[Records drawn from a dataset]

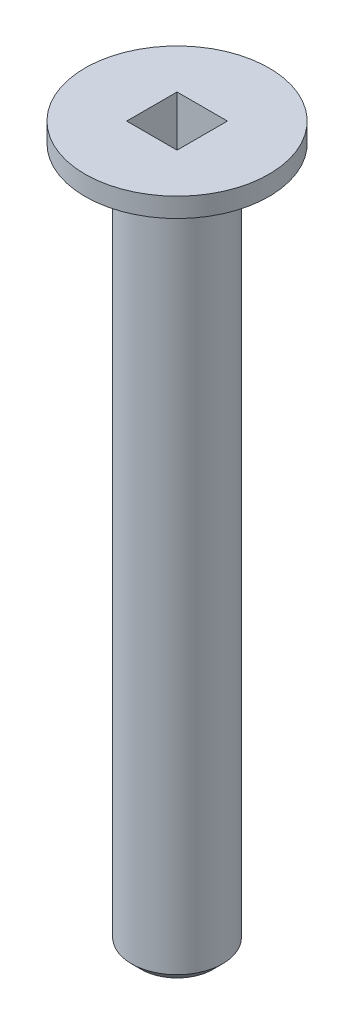
from build123d import *

# Parameters (mm, degrees)
SKETCH1_R           = 2.35
BOSS_EXTRUDE1_DEPTH = 37
CHAMFER1_SIZE       = 0.5
SKETCH3_W           = 2.6
SKETCH3_H           = 2.6
CUT_EXTRUDE1_DEPTH  = 2.8


with BuildPart() as part:
    # Sketch1 → Boss-Extrude1 (new body)
    with BuildSketch(Plane(origin=(0, 0, 0), x_dir=(1, 0, 0), z_dir=(0, 1, 0))):
        Circle(SKETCH1_R)
    extrude(amount=BOSS_EXTRUDE1_DEPTH)

    # Sketch2 → Revolve1 (revolve)
    with BuildSketch(Plane(origin=(0, 0, 0), x_dir=(0, 0, -1), z_dir=(1, 0, 0))):
        Polygon((0, 37), (-4.75, 37), (-4.75, 36), (0, 33), align=None)
    revolve(axis=Axis((0, 33, 0), (0, -1, 0)))

    # Chamfer1
    chamfer1_edges = [part.edges().sort_by_distance(p)[0] for p in [
        (-2.35, 0, 0),
    ]]
    chamfer(chamfer1_edges, length=CHAMFER1_SIZE)

    # Sketch3 → Cut-Extrude1 (cut)
    with BuildSketch(Plane(origin=(0, 37, 0), x_dir=(1, 0, 0), z_dir=(0, 1, 0))):
        Rectangle(SKETCH3_W, SKETCH3_H)
    extrude(amount=-CUT_EXTRUDE1_DEPTH, mode=Mode.SUBTRACT)


solid = part.part

* _TASK TO COMPLETE_
Omit the pictures and write out the remaining data exactly.

* _RESPONSE BOX_
from build123d import *

# Parameters (mm, degrees)
SKETCH1_R           = 2.35
BOSS_EXTRUDE1_DEPTH = 37
CHAMFER1_SIZE       = 0.5
SKETCH3_W           = 2.6
SKETCH3_H           = 2.6
CUT_EXTRUDE1_DEPTH  = 2.8


with BuildPart() as part:
    # Sketch1 → Boss-Extrude1 (new body)
    with BuildSketch(Plane(origin=(0, 0, 0), x_dir=(1, 0, 0), z_dir=(0, 1, 0))):
        Circle(SKETCH1_R)
    extrude(amount=BOSS_EXTRUDE1_DEPTH)

    # Sketch2 → Revolve1 (revolve)
    with BuildSketch(Plane(origin=(0, 0, 0), x_dir=(0, 0, -1), z_dir=(1, 0, 0))):
        Polygon((0, 37), (-4.75, 37), (-4.75, 36), (0, 33), align=None)
    revolve(axis=Axis((0, 33, 0), (0, -1, 0)))

    # Chamfer1
    chamfer1_edges = [part.edges().sort_by_distance(p)[0] for p in [
        (-2.35, 0, 0),
    ]]
    chamfer(chamfer1_edges, length=CHAMFER1_SIZE)

    # Sketch3 → Cut-Extrude1 (cut)
    with BuildSketch(Plane(origin=(0, 37, 0), x_dir=(1, 0, 0), z_dir=(0, 1, 0))):
        Rectangle(SKETCH3_W, SKETCH3_H)
    extrude(amount=-CUT_EXTRUDE1_DEPTH, mode=Mode.SUBTRACT)


solid = part.part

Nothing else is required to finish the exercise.